= Beginning of Section =
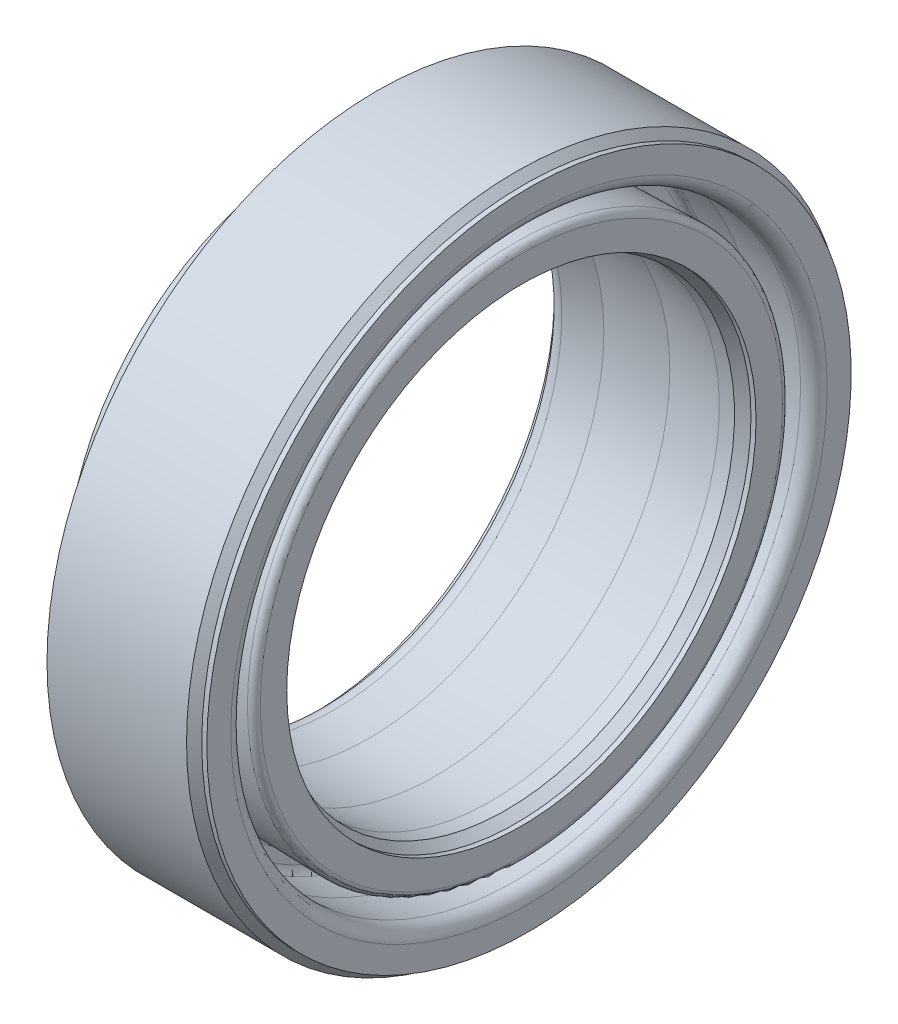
ISO-10303-21;
HEADER;
FILE_DESCRIPTION(('STEP AP214'),'2;1');
FILE_NAME('part.step','',(''),(''),'','','');
FILE_SCHEMA(('AUTOMOTIVE_DESIGN { 1 0 10303 214 1 1 1 1 }'));
ENDSEC;
DATA;
#1=APPLICATION_CONTEXT('core data for automotive mechanical design processes');
#2=APPLICATION_PROTOCOL_DEFINITION('international standard','automotive_design',2000,#1);
#3=PRODUCT_CONTEXT('',#1,'mechanical');
#4=PRODUCT('Part','Part','',(#3));
#5=PRODUCT_RELATED_PRODUCT_CATEGORY('part','',(#4));
#6=PRODUCT_DEFINITION_FORMATION('','',#4);
#7=PRODUCT_DEFINITION_CONTEXT('part definition',#1,'design');
#8=PRODUCT_DEFINITION('design','',#6,#7);
#9=PRODUCT_DEFINITION_SHAPE('','',#8);
#10=(LENGTH_UNIT() NAMED_UNIT(*) SI_UNIT(.MILLI.,.METRE.));
#11=(NAMED_UNIT(*) PLANE_ANGLE_UNIT() SI_UNIT($,.RADIAN.));
#12=(NAMED_UNIT(*) SI_UNIT($,.STERADIAN.) SOLID_ANGLE_UNIT());
#13=UNCERTAINTY_MEASURE_WITH_UNIT(LENGTH_MEASURE(1.E-05),#10,'distance_accuracy_value','');
#14=(GEOMETRIC_REPRESENTATION_CONTEXT(3) GLOBAL_UNCERTAINTY_ASSIGNED_CONTEXT((#13)) GLOBAL_UNIT_ASSIGNED_CONTEXT((#10,
#11,#12)) REPRESENTATION_CONTEXT('',''));
#15=CARTESIAN_POINT('',(0.,0.,0.));
#16=DIRECTION('',(0.,0.,1.));
#17=DIRECTION('',(1.,0.,0.));
#18=AXIS2_PLACEMENT_3D('',#15,#16,#17);
#19=CARTESIAN_POINT('',(563.646090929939,439.492949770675,0.));
#20=DIRECTION('',(-1.,0.,0.));
#21=DIRECTION('',(0.,0.,1.));
#22=AXIS2_PLACEMENT_3D('',#19,#20,#21);
#23=CYLINDRICAL_SURFACE('',#22,13.);
#24=CARTESIAN_POINT('',(575.435578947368,439.492949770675,0.));
#25=DIRECTION('',(-1.,0.,0.));
#26=DIRECTION('',(0.,0.,1.));
#27=AXIS2_PLACEMENT_3D('',#24,#25,#26);
#28=CIRCLE('',#27,13.);
#29=CARTESIAN_POINT('',(575.435578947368,439.492949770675,13.));
#30=VERTEX_POINT('',#29);
#31=EDGE_CURVE('E431',#30,#30,#28,.T.);
#32=ORIENTED_EDGE('',*,*,#31,.F.);
#33=EDGE_LOOP('',(#32));
#34=FACE_BOUND('',#33,.T.);
#35=CARTESIAN_POINT('',(580.935578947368,439.492949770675,0.));
#36=DIRECTION('',(-1.,0.,0.));
#37=DIRECTION('',(0.,0.,1.));
#38=AXIS2_PLACEMENT_3D('',#35,#36,#37);
#39=CIRCLE('',#38,13.);
#40=CARTESIAN_POINT('',(580.935578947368,439.492949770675,13.));
#41=VERTEX_POINT('',#40);
#42=EDGE_CURVE('E10',#41,#41,#39,.T.);
#43=ORIENTED_EDGE('',*,*,#42,.T.);
#44=EDGE_LOOP('',(#43));
#45=FACE_BOUND('',#44,.T.);
#46=ADVANCED_FACE('F346',(#34,#45),#23,.T.);
#47=CARTESIAN_POINT('',(581.235578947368,439.492949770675,0.));
#48=DIRECTION('',(-1.,0.,0.));
#49=DIRECTION('',(0.,0.,1.));
#50=AXIS2_PLACEMENT_3D('',#47,#48,#49);
#51=CONICAL_SURFACE('',#50,12.7,0.785398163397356);
#52=ORIENTED_EDGE('',*,*,#42,.F.);
#53=EDGE_LOOP('',(#52));
#54=FACE_BOUND('',#53,.T.);
#55=CARTESIAN_POINT('',(581.235578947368,439.492949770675,0.));
#56=DIRECTION('',(-1.,0.,0.));
#57=DIRECTION('',(0.,0.,1.));
#58=AXIS2_PLACEMENT_3D('',#55,#56,#57);
#59=CIRCLE('',#58,12.7);
#60=CARTESIAN_POINT('',(581.235578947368,439.492949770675,12.7));
#61=VERTEX_POINT('',#60);
#62=EDGE_CURVE('E352',#61,#61,#59,.T.);
#63=ORIENTED_EDGE('',*,*,#62,.T.);
#64=EDGE_LOOP('',(#63));
#65=FACE_BOUND('',#64,.T.);
#66=ADVANCED_FACE('F438',(#54,#65),#51,.T.);
#67=CARTESIAN_POINT('',(563.646090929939,439.492949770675,0.));
#68=DIRECTION('',(-1.,0.,0.));
#69=DIRECTION('',(0.,0.,1.));
#70=AXIS2_PLACEMENT_3D('',#67,#68,#69);
#71=CYLINDRICAL_SURFACE('',#70,12.7);
#72=ORIENTED_EDGE('',*,*,#62,.F.);
#73=EDGE_LOOP('',(#72));
#74=FACE_BOUND('',#73,.T.);
#75=CARTESIAN_POINT('',(581.435578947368,439.492949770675,0.));
#76=DIRECTION('',(-1.,0.,0.));
#77=DIRECTION('',(0.,0.,1.));
#78=AXIS2_PLACEMENT_3D('',#75,#76,#77);
#79=CIRCLE('',#78,12.7);
#80=CARTESIAN_POINT('',(581.435578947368,439.492949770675,12.7));
#81=VERTEX_POINT('',#80);
#82=EDGE_CURVE('E356',#81,#81,#79,.T.);
#83=ORIENTED_EDGE('',*,*,#82,.T.);
#84=EDGE_LOOP('',(#83));
#85=FACE_BOUND('',#84,.T.);
#86=ADVANCED_FACE('F442',(#74,#85),#71,.T.);
#87=CARTESIAN_POINT('',(581.435578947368,452.192949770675,0.));
#88=DIRECTION('',(-1.,0.,0.));
#89=DIRECTION('',(0.,0.,1.));
#90=AXIS2_PLACEMENT_3D('',#87,#88,#89);
#91=PLANE('',#90);
#92=ORIENTED_EDGE('',*,*,#82,.F.);
#93=EDGE_LOOP('',(#92));
#94=FACE_BOUND('',#93,.T.);
#95=CARTESIAN_POINT('',(581.435578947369,439.492949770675,0.));
#96=DIRECTION('',(-1.,0.,0.));
#97=DIRECTION('',(0.,0.,1.));
#98=AXIS2_PLACEMENT_3D('',#95,#96,#97);
#99=CIRCLE('',#98,11.7524937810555);
#100=CARTESIAN_POINT('',(581.435578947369,439.492949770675,11.7524937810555));
#101=VERTEX_POINT('',#100);
#102=EDGE_CURVE('E360',#101,#101,#99,.T.);
#103=ORIENTED_EDGE('',*,*,#102,.T.);
#104=EDGE_LOOP('',(#103));
#105=FACE_BOUND('',#104,.T.);
#106=ADVANCED_FACE('F447',(#94,#105),#91,.F.);
#107=CARTESIAN_POINT('',(580.935578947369,439.492949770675,0.));
#108=DIRECTION('',(-1.,0.,0.));
#109=DIRECTION('',(0.,0.,1.));
#110=AXIS2_PLACEMENT_3D('',#107,#108,#109);
#111=TOROIDAL_SURFACE('',#110,11.7524937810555,0.500000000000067);
#112=ORIENTED_EDGE('',*,*,#102,.F.);
#113=EDGE_LOOP('',(#112));
#114=FACE_BOUND('',#113,.T.);
#115=CARTESIAN_POINT('',(580.885827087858,439.492949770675,0.));
#116=DIRECTION('',(-1.,0.,0.));
#117=DIRECTION('',(0.,0.,1.));
#118=AXIS2_PLACEMENT_3D('',#115,#116,#117);
#119=CIRCLE('',#118,11.254975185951);
#120=CARTESIAN_POINT('',(580.885827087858,439.492949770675,11.254975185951));
#121=VERTEX_POINT('',#120);
#122=EDGE_CURVE('E365',#121,#121,#119,.T.);
#123=ORIENTED_EDGE('',*,*,#122,.T.);
#124=EDGE_LOOP('',(#123));
#125=FACE_BOUND('',#124,.T.);
#126=ADVANCED_FACE('F453',(#114,#125),#111,.T.);
#127=CARTESIAN_POINT('',(578.935578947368,439.492949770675,0.));
#128=DIRECTION('',(-1.,0.,0.));
#129=DIRECTION('',(0.,0.,1.));
#130=AXIS2_PLACEMENT_3D('',#127,#128,#129);
#131=CONICAL_SURFACE('',#130,11.45,0.099668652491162);
#132=ORIENTED_EDGE('',*,*,#122,.F.);
#133=EDGE_LOOP('',(#132));
#134=FACE_BOUND('',#133,.T.);
#135=CARTESIAN_POINT('',(578.935578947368,439.492949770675,0.));
#136=DIRECTION('',(-1.,0.,0.));
#137=DIRECTION('',(0.,0.,1.));
#138=AXIS2_PLACEMENT_3D('',#135,#136,#137);
#139=CIRCLE('',#138,11.45);
#140=CARTESIAN_POINT('',(578.935578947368,439.492949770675,11.45));
#141=VERTEX_POINT('',#140);
#142=EDGE_CURVE('E368',#141,#141,#139,.T.);
#143=ORIENTED_EDGE('',*,*,#142,.T.);
#144=EDGE_LOOP('',(#143));
#145=FACE_BOUND('',#144,.T.);
#146=ADVANCED_FACE('F457',(#134,#145),#131,.F.);
#147=CARTESIAN_POINT('',(563.646090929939,439.492949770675,0.));
#148=DIRECTION('',(-1.,0.,0.));
#149=DIRECTION('',(0.,0.,1.));
#150=AXIS2_PLACEMENT_3D('',#147,#148,#149);
#151=CYLINDRICAL_SURFACE('',#150,11.4499999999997);
#152=ORIENTED_EDGE('',*,*,#142,.F.);
#153=EDGE_LOOP('',(#152));
#154=FACE_BOUND('',#153,.T.);
#155=CARTESIAN_POINT('',(577.485578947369,439.492949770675,0.));
#156=DIRECTION('',(-1.,0.,0.));
#157=DIRECTION('',(0.,0.,1.));
#158=AXIS2_PLACEMENT_3D('',#155,#156,#157);
#159=CIRCLE('',#158,11.4499999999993);
#160=CARTESIAN_POINT('',(577.485578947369,439.492949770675,11.4499999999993));
#161=VERTEX_POINT('',#160);
#162=EDGE_CURVE('E371',#161,#161,#159,.T.);
#163=ORIENTED_EDGE('',*,*,#162,.T.);
#164=EDGE_LOOP('',(#163));
#165=FACE_BOUND('',#164,.T.);
#166=ADVANCED_FACE('F461',(#154,#165),#151,.F.);
#167=CARTESIAN_POINT('',(577.485578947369,439.492949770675,0.));
#168=DIRECTION('',(-1.,0.,0.));
#169=DIRECTION('',(0.,0.,1.));
#170=AXIS2_PLACEMENT_3D('',#167,#168,#169);
#171=TOROIDAL_SURFACE('',#170,11.1999999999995,0.250000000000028);
#172=ORIENTED_EDGE('',*,*,#162,.F.);
#173=EDGE_LOOP('',(#172));
#174=FACE_BOUND('',#173,.T.);
#175=CARTESIAN_POINT('',(577.235578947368,439.492949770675,0.));
#176=DIRECTION('',(-1.,0.,0.));
#177=DIRECTION('',(0.,0.,1.));
#178=AXIS2_PLACEMENT_3D('',#175,#176,#177);
#179=CIRCLE('',#178,11.2);
#180=CARTESIAN_POINT('',(577.235578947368,439.492949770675,11.2));
#181=VERTEX_POINT('',#180);
#182=EDGE_CURVE('E374',#181,#181,#179,.T.);
#183=ORIENTED_EDGE('',*,*,#182,.T.);
#184=EDGE_LOOP('',(#183));
#185=FACE_BOUND('',#184,.T.);
#186=ADVANCED_FACE('F465',(#174,#185),#171,.F.);
#187=CARTESIAN_POINT('',(577.235578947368,450.692949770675,0.));
#188=DIRECTION('',(-1.,0.,0.));
#189=DIRECTION('',(0.,0.,1.));
#190=AXIS2_PLACEMENT_3D('',#187,#188,#189);
#191=PLANE('',#190);
#192=ORIENTED_EDGE('',*,*,#182,.F.);
#193=EDGE_LOOP('',(#192));
#194=FACE_BOUND('',#193,.T.);
#195=CARTESIAN_POINT('',(577.235578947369,439.492949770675,0.));
#196=DIRECTION('',(-1.,0.,0.));
#197=DIRECTION('',(0.,0.,1.));
#198=AXIS2_PLACEMENT_3D('',#195,#196,#197);
#199=CIRCLE('',#198,10.7064924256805);
#200=CARTESIAN_POINT('',(577.235578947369,439.492949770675,10.7064924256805));
#201=VERTEX_POINT('',#200);
#202=EDGE_CURVE('E377',#201,#201,#199,.T.);
#203=ORIENTED_EDGE('',*,*,#202,.T.);
#204=EDGE_LOOP('',(#203));
#205=FACE_BOUND('',#204,.T.);
#206=ADVANCED_FACE('F469',(#194,#205),#191,.F.);
#207=CARTESIAN_POINT('',(577.485578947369,439.492949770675,0.));
#208=DIRECTION('',(-1.,0.,0.));
#209=DIRECTION('',(0.,0.,1.));
#210=AXIS2_PLACEMENT_3D('',#207,#208,#209);
#211=TOROIDAL_SURFACE('',#210,10.7064924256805,0.249999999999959);
#212=ORIENTED_EDGE('',*,*,#202,.F.);
#213=EDGE_LOOP('',(#212));
#214=FACE_BOUND('',#213,.T.);
#215=CARTESIAN_POINT('',(577.491987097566,439.492949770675,0.));
#216=DIRECTION('',(-1.,0.,0.));
#217=DIRECTION('',(0.,0.,1.));
#218=AXIS2_PLACEMENT_3D('',#215,#216,#217);
#219=CIRCLE('',#218,10.4565745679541);
#220=CARTESIAN_POINT('',(577.491987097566,439.492949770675,10.4565745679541));
#221=VERTEX_POINT('',#220);
#222=EDGE_CURVE('E380',#221,#221,#219,.T.);
#223=ORIENTED_EDGE('',*,*,#222,.T.);
#224=EDGE_LOOP('',(#223));
#225=FACE_BOUND('',#224,.T.);
#226=ADVANCED_FACE('F473',(#214,#225),#211,.F.);
#227=CARTESIAN_POINT('',(580.879170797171,439.492949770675,0.));
#228=DIRECTION('',(1.,0.,0.));
#229=DIRECTION('',(0.,0.,-1.));
#230=AXIS2_PLACEMENT_3D('',#227,#228,#229);
#231=CONICAL_SURFACE('',#230,10.5434254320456,0.0256354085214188);
#232=ORIENTED_EDGE('',*,*,#222,.F.);
#233=EDGE_LOOP('',(#232));
#234=FACE_BOUND('',#233,.T.);
#235=CARTESIAN_POINT('',(580.879170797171,439.492949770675,0.));
#236=DIRECTION('',(-1.,0.,0.));
#237=DIRECTION('',(0.,0.,1.));
#238=AXIS2_PLACEMENT_3D('',#235,#236,#237);
#239=CIRCLE('',#238,10.5434254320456);
#240=CARTESIAN_POINT('',(580.879170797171,439.492949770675,10.5434254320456));
#241=VERTEX_POINT('',#240);
#242=EDGE_CURVE('E383',#241,#241,#239,.T.);
#243=ORIENTED_EDGE('',*,*,#242,.T.);
#244=EDGE_LOOP('',(#243));
#245=FACE_BOUND('',#244,.T.);
#246=ADVANCED_FACE('F477',(#234,#245),#231,.T.);
#247=CARTESIAN_POINT('',(580.885578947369,439.492949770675,0.));
#248=DIRECTION('',(-1.,0.,0.));
#249=DIRECTION('',(0.,0.,1.));
#250=AXIS2_PLACEMENT_3D('',#247,#248,#249);
#251=TOROIDAL_SURFACE('',#250,10.2935075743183,0.249999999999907);
#252=ORIENTED_EDGE('',*,*,#242,.F.);
#253=EDGE_LOOP('',(#252));
#254=FACE_BOUND('',#253,.T.);
#255=CARTESIAN_POINT('',(581.135578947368,439.492949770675,0.));
#256=DIRECTION('',(-1.,0.,0.));
#257=DIRECTION('',(0.,0.,1.));
#258=AXIS2_PLACEMENT_3D('',#255,#256,#257);
#259=CIRCLE('',#258,10.293507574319);
#260=CARTESIAN_POINT('',(581.135578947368,439.492949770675,10.293507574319));
#261=VERTEX_POINT('',#260);
#262=EDGE_CURVE('E386',#261,#261,#259,.T.);
#263=ORIENTED_EDGE('',*,*,#262,.T.);
#264=EDGE_LOOP('',(#263));
#265=FACE_BOUND('',#264,.T.);
#266=ADVANCED_FACE('F481',(#254,#265),#251,.T.);
#267=CARTESIAN_POINT('',(581.135578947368,449.786457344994,0.));
#268=DIRECTION('',(-1.,0.,0.));
#269=DIRECTION('',(0.,0.,1.));
#270=AXIS2_PLACEMENT_3D('',#267,#268,#269);
#271=PLANE('',#270);
#272=ORIENTED_EDGE('',*,*,#262,.F.);
#273=EDGE_LOOP('',(#272));
#274=FACE_BOUND('',#273,.T.);
#275=CARTESIAN_POINT('',(581.135578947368,439.492949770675,0.));
#276=DIRECTION('',(-1.,0.,0.));
#277=DIRECTION('',(0.,0.,1.));
#278=AXIS2_PLACEMENT_3D('',#275,#276,#277);
#279=CIRCLE('',#278,9.25000000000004);
#280=CARTESIAN_POINT('',(581.135578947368,439.492949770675,9.25000000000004));
#281=VERTEX_POINT('',#280);
#282=EDGE_CURVE('E389',#281,#281,#279,.T.);
#283=ORIENTED_EDGE('',*,*,#282,.T.);
#284=EDGE_LOOP('',(#283));
#285=FACE_BOUND('',#284,.T.);
#286=ADVANCED_FACE('F485',(#274,#285),#271,.F.);
#287=CARTESIAN_POINT('',(563.646090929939,439.492949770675,0.));
#288=DIRECTION('',(-1.,0.,0.));
#289=DIRECTION('',(0.,0.,1.));
#290=AXIS2_PLACEMENT_3D('',#287,#288,#289);
#291=CYLINDRICAL_SURFACE('',#290,9.25000000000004);
#292=ORIENTED_EDGE('',*,*,#282,.F.);
#293=EDGE_LOOP('',(#292));
#294=FACE_BOUND('',#293,.T.);
#295=CARTESIAN_POINT('',(580.935578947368,439.492949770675,0.));
#296=DIRECTION('',(-1.,0.,0.));
#297=DIRECTION('',(0.,0.,1.));
#298=AXIS2_PLACEMENT_3D('',#295,#296,#297);
#299=CIRCLE('',#298,9.25000000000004);
#300=CARTESIAN_POINT('',(580.935578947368,439.492949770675,9.25000000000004));
#301=VERTEX_POINT('',#300);
#302=EDGE_CURVE('E392',#301,#301,#299,.T.);
#303=ORIENTED_EDGE('',*,*,#302,.T.);
#304=EDGE_LOOP('',(#303));
#305=FACE_BOUND('',#304,.T.);
#306=ADVANCED_FACE('F489',(#294,#305),#291,.F.);
#307=CARTESIAN_POINT('',(580.535578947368,439.492949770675,0.));
#308=DIRECTION('',(1.,0.,0.));
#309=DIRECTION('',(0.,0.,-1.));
= End of Section =
**EXERCISE:**
Please write out, exactly as they appear above, only the lines in the stretch from the line with "#94=FACE_BOUND('',#93,.T.);" through the line with "#107=CARTESIAN_POINT('',(580.935578947369,439.492949770675,0.));".

**OUTPUT OF THE EXERCISE:**
#94=FACE_BOUND('',#93,.T.);
#95=CARTESIAN_POINT('',(581.435578947369,439.492949770675,0.));
#96=DIRECTION('',(-1.,0.,0.));
#97=DIRECTION('',(0.,0.,1.));
#98=AXIS2_PLACEMENT_3D('',#95,#96,#97);
#99=CIRCLE('',#98,11.7524937810555);
#100=CARTESIAN_POINT('',(581.435578947369,439.492949770675,11.7524937810555));
#101=VERTEX_POINT('',#100);
#102=EDGE_CURVE('E360',#101,#101,#99,.T.);
#103=ORIENTED_EDGE('',*,*,#102,.T.);
#104=EDGE_LOOP('',(#103));
#105=FACE_BOUND('',#104,.T.);
#106=ADVANCED_FACE('F447',(#94,#105),#91,.F.);
#107=CARTESIAN_POINT('',(580.935578947369,439.492949770675,0.));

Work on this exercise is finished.